In the entries below, find the line with "- added C707: 4.7" and the line with "- added D701: 10MQ100N, Passives:D_SOD124, F.Cu"; give again those lines and every line between them, exactly.

## [Data items]
● ● ● ●

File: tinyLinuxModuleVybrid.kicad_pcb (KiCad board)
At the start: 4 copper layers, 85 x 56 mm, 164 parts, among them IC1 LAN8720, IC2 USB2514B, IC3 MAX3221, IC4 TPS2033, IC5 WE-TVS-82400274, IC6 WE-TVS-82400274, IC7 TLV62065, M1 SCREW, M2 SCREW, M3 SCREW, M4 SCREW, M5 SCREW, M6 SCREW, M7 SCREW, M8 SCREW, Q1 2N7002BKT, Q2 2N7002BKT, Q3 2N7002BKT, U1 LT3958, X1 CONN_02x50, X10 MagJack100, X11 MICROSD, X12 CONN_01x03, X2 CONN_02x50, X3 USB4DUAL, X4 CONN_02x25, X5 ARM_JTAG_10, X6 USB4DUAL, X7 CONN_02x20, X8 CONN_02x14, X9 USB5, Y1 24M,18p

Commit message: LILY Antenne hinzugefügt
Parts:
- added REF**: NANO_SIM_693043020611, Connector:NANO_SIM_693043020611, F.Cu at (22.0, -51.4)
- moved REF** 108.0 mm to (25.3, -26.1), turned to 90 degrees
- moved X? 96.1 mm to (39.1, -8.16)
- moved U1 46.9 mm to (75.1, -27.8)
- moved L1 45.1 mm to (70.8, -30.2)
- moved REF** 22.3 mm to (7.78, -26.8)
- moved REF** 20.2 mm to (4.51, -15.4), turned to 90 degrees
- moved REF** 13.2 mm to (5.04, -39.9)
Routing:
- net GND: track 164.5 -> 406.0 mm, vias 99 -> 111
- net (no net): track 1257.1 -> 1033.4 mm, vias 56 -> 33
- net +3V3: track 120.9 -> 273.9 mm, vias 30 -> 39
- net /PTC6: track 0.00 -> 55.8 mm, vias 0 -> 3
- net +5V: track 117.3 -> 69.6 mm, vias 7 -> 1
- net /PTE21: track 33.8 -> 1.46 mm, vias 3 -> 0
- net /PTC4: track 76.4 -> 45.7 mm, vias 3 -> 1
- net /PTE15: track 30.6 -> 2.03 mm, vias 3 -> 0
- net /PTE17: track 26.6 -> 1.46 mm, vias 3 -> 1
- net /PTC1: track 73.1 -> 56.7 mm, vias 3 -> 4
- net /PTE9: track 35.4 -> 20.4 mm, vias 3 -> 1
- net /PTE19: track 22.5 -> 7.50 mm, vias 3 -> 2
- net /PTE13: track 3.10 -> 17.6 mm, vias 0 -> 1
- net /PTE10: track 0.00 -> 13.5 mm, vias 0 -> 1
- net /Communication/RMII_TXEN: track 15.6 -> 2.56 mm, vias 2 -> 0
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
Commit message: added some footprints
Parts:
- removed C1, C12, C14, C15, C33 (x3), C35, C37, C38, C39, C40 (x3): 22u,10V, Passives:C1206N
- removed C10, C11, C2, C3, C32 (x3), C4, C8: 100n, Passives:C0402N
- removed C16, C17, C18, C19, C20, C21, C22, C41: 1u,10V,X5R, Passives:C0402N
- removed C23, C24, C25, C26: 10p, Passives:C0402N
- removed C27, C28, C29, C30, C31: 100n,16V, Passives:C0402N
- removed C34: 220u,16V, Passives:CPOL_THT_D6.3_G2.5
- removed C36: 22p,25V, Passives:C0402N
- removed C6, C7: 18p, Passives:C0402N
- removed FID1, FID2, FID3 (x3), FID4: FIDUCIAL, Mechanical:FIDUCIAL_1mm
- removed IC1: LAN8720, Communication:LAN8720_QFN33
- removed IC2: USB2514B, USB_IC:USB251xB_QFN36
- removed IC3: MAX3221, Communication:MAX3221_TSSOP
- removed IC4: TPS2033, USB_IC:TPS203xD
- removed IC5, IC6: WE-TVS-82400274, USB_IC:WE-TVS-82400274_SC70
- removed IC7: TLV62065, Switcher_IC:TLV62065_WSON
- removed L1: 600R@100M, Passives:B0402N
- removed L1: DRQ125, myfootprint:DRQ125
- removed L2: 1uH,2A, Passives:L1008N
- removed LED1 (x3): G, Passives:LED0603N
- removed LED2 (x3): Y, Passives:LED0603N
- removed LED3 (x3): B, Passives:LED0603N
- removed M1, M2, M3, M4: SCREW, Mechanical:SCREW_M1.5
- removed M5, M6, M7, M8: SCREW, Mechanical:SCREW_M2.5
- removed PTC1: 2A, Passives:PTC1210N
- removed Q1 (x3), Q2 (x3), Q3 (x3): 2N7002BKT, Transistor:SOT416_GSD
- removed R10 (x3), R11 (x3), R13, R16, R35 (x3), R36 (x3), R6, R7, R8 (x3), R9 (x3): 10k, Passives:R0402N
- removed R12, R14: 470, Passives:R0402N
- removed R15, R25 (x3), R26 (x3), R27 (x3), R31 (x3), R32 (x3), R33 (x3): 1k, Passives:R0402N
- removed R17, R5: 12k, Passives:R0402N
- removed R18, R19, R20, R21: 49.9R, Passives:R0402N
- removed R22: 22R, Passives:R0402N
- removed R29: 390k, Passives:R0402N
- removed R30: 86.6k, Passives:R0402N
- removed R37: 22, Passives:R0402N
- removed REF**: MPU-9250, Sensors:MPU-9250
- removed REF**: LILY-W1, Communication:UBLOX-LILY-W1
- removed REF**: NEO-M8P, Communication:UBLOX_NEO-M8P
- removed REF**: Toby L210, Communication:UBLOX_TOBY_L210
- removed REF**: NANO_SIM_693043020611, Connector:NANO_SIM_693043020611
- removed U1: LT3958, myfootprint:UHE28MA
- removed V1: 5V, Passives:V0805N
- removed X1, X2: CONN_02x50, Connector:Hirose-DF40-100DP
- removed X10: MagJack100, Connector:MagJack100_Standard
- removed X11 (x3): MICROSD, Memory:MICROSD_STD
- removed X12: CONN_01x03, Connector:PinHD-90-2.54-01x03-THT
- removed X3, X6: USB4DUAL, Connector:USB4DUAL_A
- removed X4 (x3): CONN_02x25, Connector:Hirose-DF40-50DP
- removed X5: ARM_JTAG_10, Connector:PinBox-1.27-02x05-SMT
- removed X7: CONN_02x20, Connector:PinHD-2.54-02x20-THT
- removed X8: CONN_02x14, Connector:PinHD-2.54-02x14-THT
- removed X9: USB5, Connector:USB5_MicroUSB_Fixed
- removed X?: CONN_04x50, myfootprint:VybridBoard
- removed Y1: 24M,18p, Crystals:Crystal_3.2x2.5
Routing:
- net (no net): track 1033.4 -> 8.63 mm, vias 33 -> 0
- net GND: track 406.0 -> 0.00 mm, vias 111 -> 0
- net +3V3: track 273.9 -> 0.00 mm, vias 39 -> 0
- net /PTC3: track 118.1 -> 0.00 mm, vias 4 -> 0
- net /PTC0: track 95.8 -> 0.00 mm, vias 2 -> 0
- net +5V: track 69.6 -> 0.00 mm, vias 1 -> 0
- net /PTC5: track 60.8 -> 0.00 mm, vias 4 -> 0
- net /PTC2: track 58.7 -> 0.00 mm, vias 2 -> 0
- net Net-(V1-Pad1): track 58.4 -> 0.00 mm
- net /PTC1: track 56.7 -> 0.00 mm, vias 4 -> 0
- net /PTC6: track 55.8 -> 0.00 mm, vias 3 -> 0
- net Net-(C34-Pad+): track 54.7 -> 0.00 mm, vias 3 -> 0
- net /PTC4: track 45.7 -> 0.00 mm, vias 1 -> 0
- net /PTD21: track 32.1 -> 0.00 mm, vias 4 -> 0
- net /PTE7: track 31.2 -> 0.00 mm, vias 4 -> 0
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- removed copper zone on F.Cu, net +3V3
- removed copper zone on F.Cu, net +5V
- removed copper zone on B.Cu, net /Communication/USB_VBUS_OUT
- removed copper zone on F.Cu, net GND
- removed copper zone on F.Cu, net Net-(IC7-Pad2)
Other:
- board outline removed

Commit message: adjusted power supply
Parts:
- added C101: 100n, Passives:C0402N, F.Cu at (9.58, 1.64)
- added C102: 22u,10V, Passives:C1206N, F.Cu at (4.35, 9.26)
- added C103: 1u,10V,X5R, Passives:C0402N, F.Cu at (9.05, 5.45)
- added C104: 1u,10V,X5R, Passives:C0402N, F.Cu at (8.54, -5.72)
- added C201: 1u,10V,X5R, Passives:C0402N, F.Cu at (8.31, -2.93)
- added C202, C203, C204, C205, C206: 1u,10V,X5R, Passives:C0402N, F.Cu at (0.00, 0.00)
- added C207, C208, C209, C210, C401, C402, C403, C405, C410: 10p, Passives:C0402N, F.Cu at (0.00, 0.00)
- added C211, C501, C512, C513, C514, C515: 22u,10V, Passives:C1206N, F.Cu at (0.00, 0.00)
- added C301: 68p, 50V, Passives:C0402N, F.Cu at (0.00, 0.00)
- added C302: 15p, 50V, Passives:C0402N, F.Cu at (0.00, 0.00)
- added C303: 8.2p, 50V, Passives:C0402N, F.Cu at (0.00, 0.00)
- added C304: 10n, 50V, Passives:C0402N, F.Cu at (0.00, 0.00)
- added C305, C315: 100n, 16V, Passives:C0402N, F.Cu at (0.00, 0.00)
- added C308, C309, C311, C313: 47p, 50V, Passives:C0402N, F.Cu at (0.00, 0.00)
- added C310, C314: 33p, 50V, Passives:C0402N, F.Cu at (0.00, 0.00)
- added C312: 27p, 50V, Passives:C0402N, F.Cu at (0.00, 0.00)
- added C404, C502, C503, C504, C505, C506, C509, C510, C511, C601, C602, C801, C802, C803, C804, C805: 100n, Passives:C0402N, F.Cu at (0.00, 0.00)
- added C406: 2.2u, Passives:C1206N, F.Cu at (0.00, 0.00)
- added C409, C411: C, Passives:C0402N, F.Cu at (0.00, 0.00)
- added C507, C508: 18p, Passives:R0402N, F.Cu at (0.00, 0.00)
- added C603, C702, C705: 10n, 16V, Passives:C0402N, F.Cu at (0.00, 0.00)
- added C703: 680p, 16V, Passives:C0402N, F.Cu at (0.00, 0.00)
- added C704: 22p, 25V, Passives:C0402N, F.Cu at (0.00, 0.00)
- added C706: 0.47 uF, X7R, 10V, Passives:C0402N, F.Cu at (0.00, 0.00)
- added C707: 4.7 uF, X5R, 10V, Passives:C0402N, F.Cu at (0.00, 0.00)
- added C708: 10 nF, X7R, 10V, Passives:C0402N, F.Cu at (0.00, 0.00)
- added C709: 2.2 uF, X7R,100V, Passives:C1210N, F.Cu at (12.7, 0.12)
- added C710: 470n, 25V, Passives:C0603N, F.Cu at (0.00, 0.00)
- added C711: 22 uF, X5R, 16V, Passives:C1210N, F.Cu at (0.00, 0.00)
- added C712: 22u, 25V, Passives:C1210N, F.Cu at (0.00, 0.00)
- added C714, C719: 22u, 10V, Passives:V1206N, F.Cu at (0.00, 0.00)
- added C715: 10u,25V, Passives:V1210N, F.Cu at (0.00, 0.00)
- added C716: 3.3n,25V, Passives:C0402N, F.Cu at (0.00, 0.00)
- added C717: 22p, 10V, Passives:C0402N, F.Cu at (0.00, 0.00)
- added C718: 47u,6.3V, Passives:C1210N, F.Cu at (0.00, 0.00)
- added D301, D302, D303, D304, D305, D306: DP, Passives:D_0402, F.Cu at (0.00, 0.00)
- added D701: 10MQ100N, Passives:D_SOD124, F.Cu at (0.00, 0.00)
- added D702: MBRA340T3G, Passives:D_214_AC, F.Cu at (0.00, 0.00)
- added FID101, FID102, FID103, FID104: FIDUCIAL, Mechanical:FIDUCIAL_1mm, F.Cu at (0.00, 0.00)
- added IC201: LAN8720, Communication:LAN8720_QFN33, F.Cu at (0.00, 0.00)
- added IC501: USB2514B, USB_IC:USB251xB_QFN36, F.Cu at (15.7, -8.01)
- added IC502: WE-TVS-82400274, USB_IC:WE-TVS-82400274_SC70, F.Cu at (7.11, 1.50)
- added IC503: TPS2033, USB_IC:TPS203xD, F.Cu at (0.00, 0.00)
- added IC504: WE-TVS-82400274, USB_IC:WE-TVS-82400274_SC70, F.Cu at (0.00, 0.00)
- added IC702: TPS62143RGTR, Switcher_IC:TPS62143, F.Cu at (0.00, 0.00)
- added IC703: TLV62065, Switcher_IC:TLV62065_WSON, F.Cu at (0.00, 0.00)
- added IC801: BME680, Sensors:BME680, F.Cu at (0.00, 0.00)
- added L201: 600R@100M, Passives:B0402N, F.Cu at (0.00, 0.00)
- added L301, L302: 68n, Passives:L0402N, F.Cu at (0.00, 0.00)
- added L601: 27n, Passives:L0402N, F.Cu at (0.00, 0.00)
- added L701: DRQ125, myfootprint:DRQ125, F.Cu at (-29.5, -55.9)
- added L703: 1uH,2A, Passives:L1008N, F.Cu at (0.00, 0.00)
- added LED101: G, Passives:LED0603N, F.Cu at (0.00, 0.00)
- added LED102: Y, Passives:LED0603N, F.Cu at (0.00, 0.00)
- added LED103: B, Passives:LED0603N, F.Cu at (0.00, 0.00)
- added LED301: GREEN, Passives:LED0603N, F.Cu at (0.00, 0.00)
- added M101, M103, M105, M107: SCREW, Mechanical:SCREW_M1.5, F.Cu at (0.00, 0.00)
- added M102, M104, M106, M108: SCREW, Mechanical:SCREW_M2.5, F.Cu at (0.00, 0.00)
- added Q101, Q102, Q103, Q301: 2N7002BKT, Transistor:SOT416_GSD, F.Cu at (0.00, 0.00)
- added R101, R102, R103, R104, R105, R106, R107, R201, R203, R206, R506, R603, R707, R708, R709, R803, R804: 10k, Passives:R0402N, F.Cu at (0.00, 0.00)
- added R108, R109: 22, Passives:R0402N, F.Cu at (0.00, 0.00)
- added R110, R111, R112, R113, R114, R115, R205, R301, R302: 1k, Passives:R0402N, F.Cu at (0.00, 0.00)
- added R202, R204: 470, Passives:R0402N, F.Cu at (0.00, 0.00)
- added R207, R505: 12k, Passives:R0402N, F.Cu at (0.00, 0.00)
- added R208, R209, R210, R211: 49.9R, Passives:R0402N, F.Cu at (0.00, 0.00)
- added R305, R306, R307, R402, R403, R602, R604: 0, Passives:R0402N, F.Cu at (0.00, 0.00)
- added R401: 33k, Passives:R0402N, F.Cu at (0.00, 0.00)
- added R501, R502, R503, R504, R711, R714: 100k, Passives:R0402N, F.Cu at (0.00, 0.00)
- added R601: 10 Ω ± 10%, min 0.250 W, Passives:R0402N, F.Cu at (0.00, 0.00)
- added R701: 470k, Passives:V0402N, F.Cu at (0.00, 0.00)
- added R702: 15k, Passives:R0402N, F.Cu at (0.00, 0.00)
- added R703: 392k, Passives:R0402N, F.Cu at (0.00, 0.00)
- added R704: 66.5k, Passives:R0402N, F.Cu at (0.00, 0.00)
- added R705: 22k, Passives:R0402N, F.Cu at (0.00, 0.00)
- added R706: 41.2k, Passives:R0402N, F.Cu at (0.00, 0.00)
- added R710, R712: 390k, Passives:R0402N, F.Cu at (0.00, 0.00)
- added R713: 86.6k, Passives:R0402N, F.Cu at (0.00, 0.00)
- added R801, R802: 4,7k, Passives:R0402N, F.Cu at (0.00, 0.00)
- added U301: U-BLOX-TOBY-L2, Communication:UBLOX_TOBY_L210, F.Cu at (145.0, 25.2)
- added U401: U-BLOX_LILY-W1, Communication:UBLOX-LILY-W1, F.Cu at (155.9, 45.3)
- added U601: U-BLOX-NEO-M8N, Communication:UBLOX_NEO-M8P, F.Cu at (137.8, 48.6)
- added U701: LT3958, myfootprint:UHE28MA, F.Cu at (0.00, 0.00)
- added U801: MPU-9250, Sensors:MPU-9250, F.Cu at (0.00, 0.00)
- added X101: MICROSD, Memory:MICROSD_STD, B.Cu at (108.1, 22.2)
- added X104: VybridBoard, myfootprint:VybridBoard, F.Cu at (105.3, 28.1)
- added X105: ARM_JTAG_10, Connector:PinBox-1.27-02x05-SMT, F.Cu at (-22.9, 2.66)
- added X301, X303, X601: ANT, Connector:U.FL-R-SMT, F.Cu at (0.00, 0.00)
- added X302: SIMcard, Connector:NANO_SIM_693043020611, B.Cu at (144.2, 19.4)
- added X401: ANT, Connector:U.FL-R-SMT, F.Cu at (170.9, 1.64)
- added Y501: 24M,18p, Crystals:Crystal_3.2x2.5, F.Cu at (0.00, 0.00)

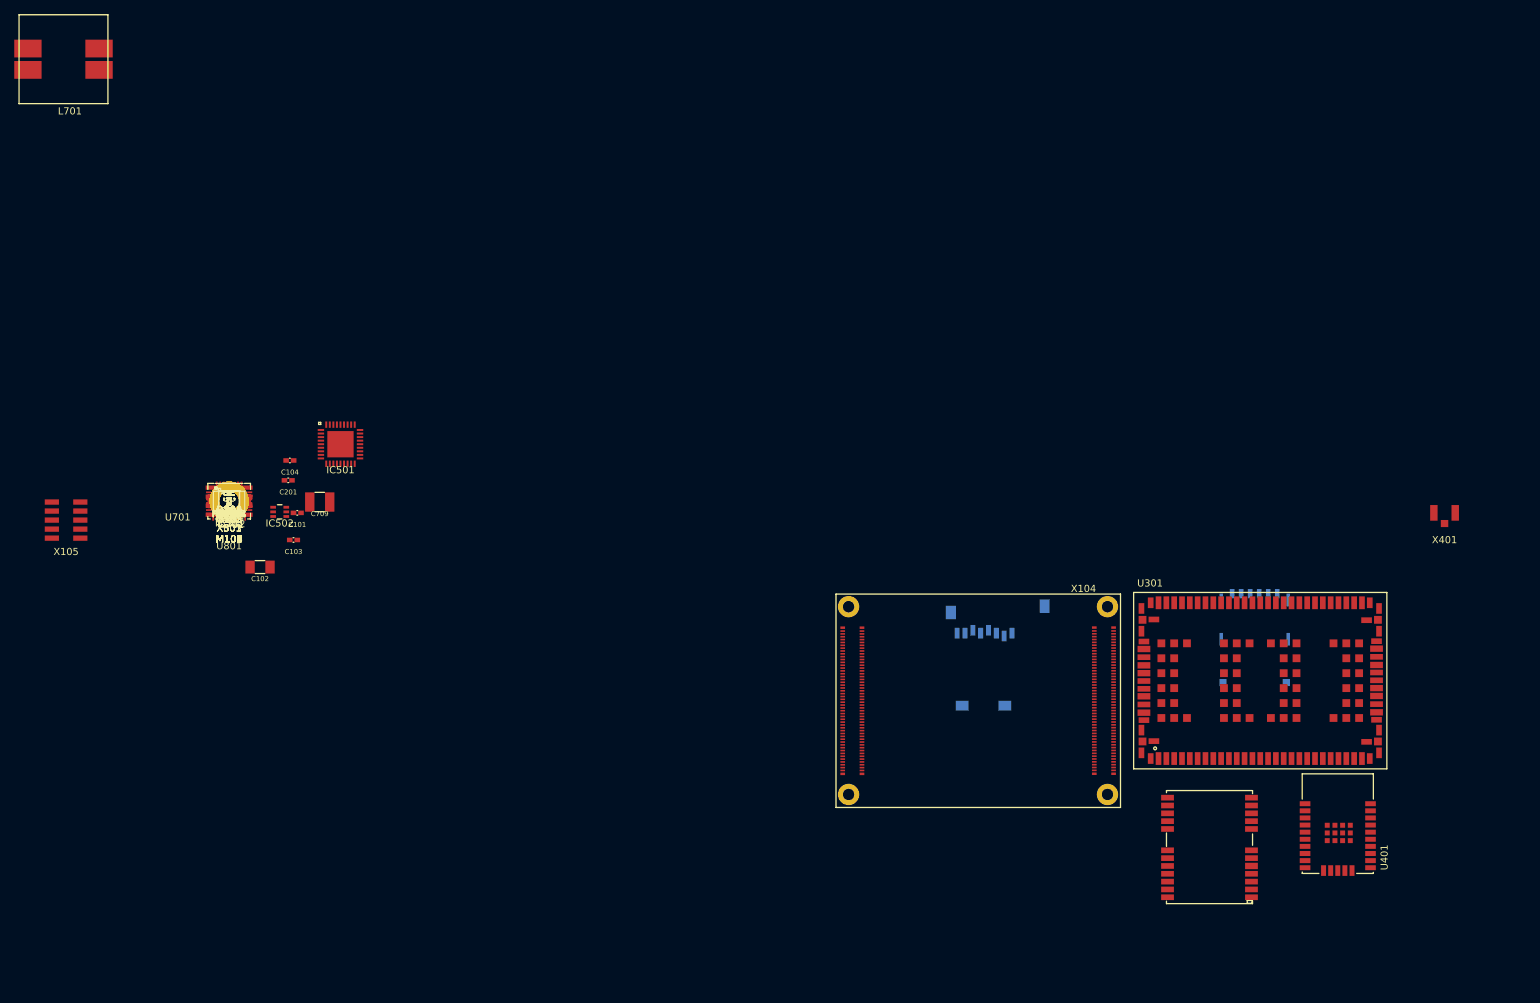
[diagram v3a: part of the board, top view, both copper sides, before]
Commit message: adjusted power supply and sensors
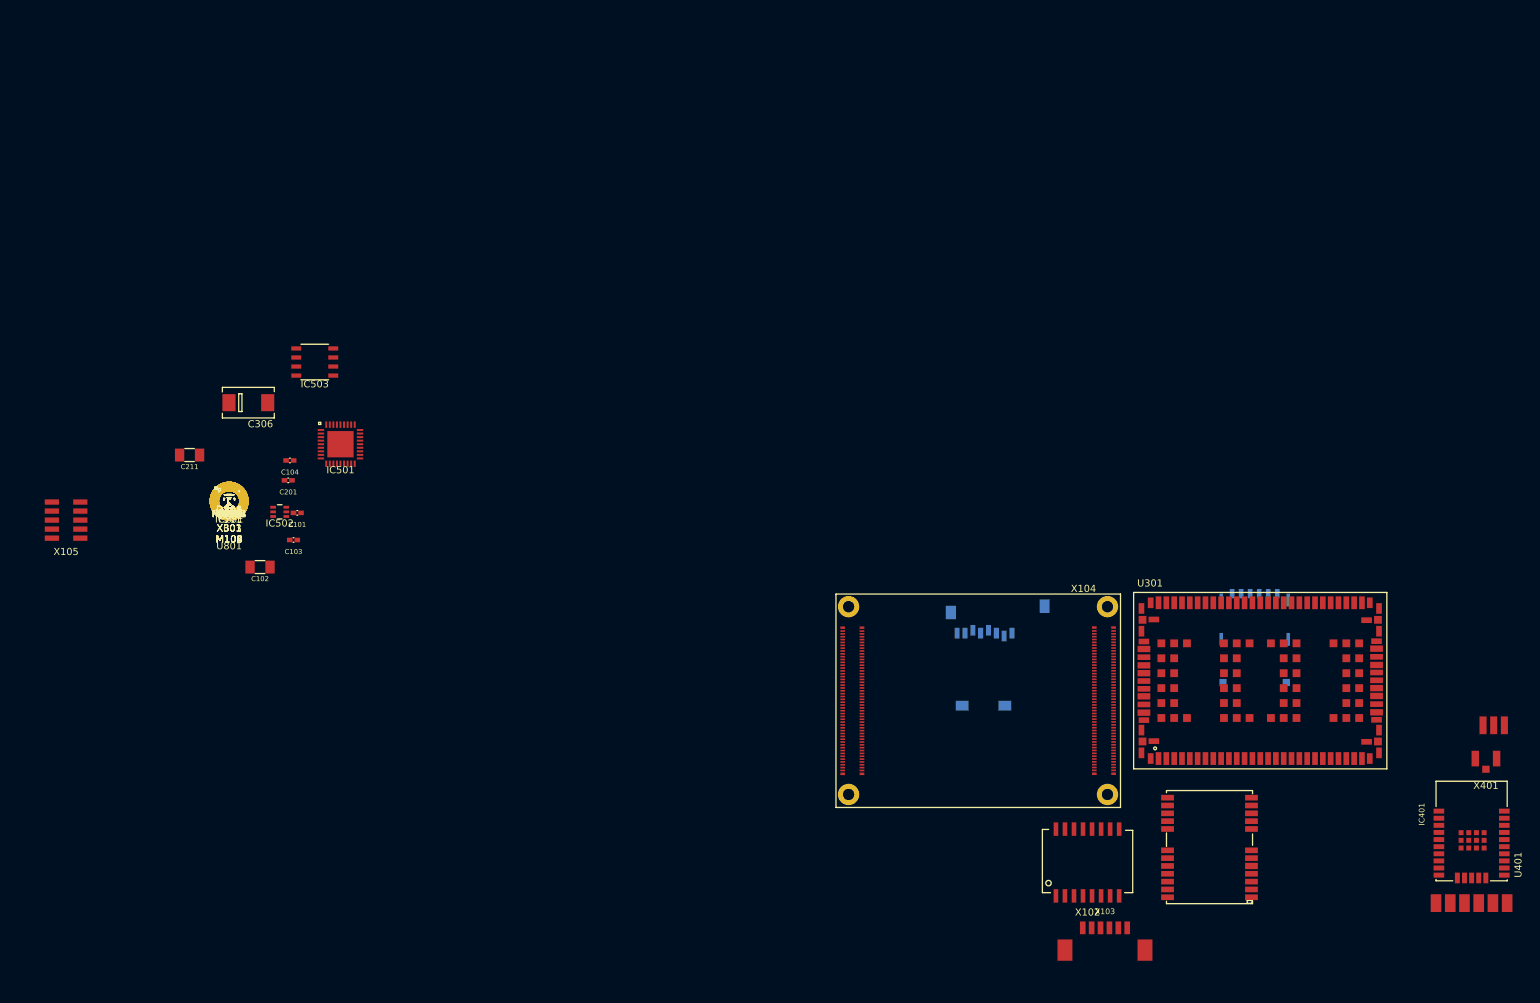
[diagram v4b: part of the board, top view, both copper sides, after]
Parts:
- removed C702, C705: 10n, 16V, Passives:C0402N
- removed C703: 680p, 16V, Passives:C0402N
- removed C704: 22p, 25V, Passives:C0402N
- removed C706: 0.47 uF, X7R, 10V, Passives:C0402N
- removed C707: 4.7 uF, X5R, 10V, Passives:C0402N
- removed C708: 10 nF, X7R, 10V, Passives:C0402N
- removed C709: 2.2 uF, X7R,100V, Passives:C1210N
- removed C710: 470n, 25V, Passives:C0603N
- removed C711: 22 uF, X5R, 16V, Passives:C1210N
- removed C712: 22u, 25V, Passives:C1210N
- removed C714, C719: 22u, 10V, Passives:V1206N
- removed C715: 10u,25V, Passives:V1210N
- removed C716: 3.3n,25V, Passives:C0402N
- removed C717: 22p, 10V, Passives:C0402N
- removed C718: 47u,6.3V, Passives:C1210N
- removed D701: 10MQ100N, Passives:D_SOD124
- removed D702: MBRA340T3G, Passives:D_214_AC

● ● ● ●

## [Answer for the task]
- added C707: 4.7 uF, X5R, 10V, Passives:C0402N, F.Cu at (0.00, 0.00)
- added C708: 10 nF, X7R, 10V, Passives:C0402N, F.Cu at (0.00, 0.00)
- added C709: 2.2 uF, X7R,100V, Passives:C1210N, F.Cu at (12.7, 0.12)
- added C710: 470n, 25V, Passives:C0603N, F.Cu at (0.00, 0.00)
- added C711: 22 uF, X5R, 16V, Passives:C1210N, F.Cu at (0.00, 0.00)
- added C712: 22u, 25V, Passives:C1210N, F.Cu at (0.00, 0.00)
- added C714, C719: 22u, 10V, Passives:V1206N, F.Cu at (0.00, 0.00)
- added C715: 10u,25V, Passives:V1210N, F.Cu at (0.00, 0.00)
- added C716: 3.3n,25V, Passives:C0402N, F.Cu at (0.00, 0.00)
- added C717: 22p, 10V, Passives:C0402N, F.Cu at (0.00, 0.00)
- added C718: 47u,6.3V, Passives:C1210N, F.Cu at (0.00, 0.00)
- added D301, D302, D303, D304, D305, D306: DP, Passives:D_0402, F.Cu at (0.00, 0.00)
- added D701: 10MQ100N, Passives:D_SOD124, F.Cu at (0.00, 0.00)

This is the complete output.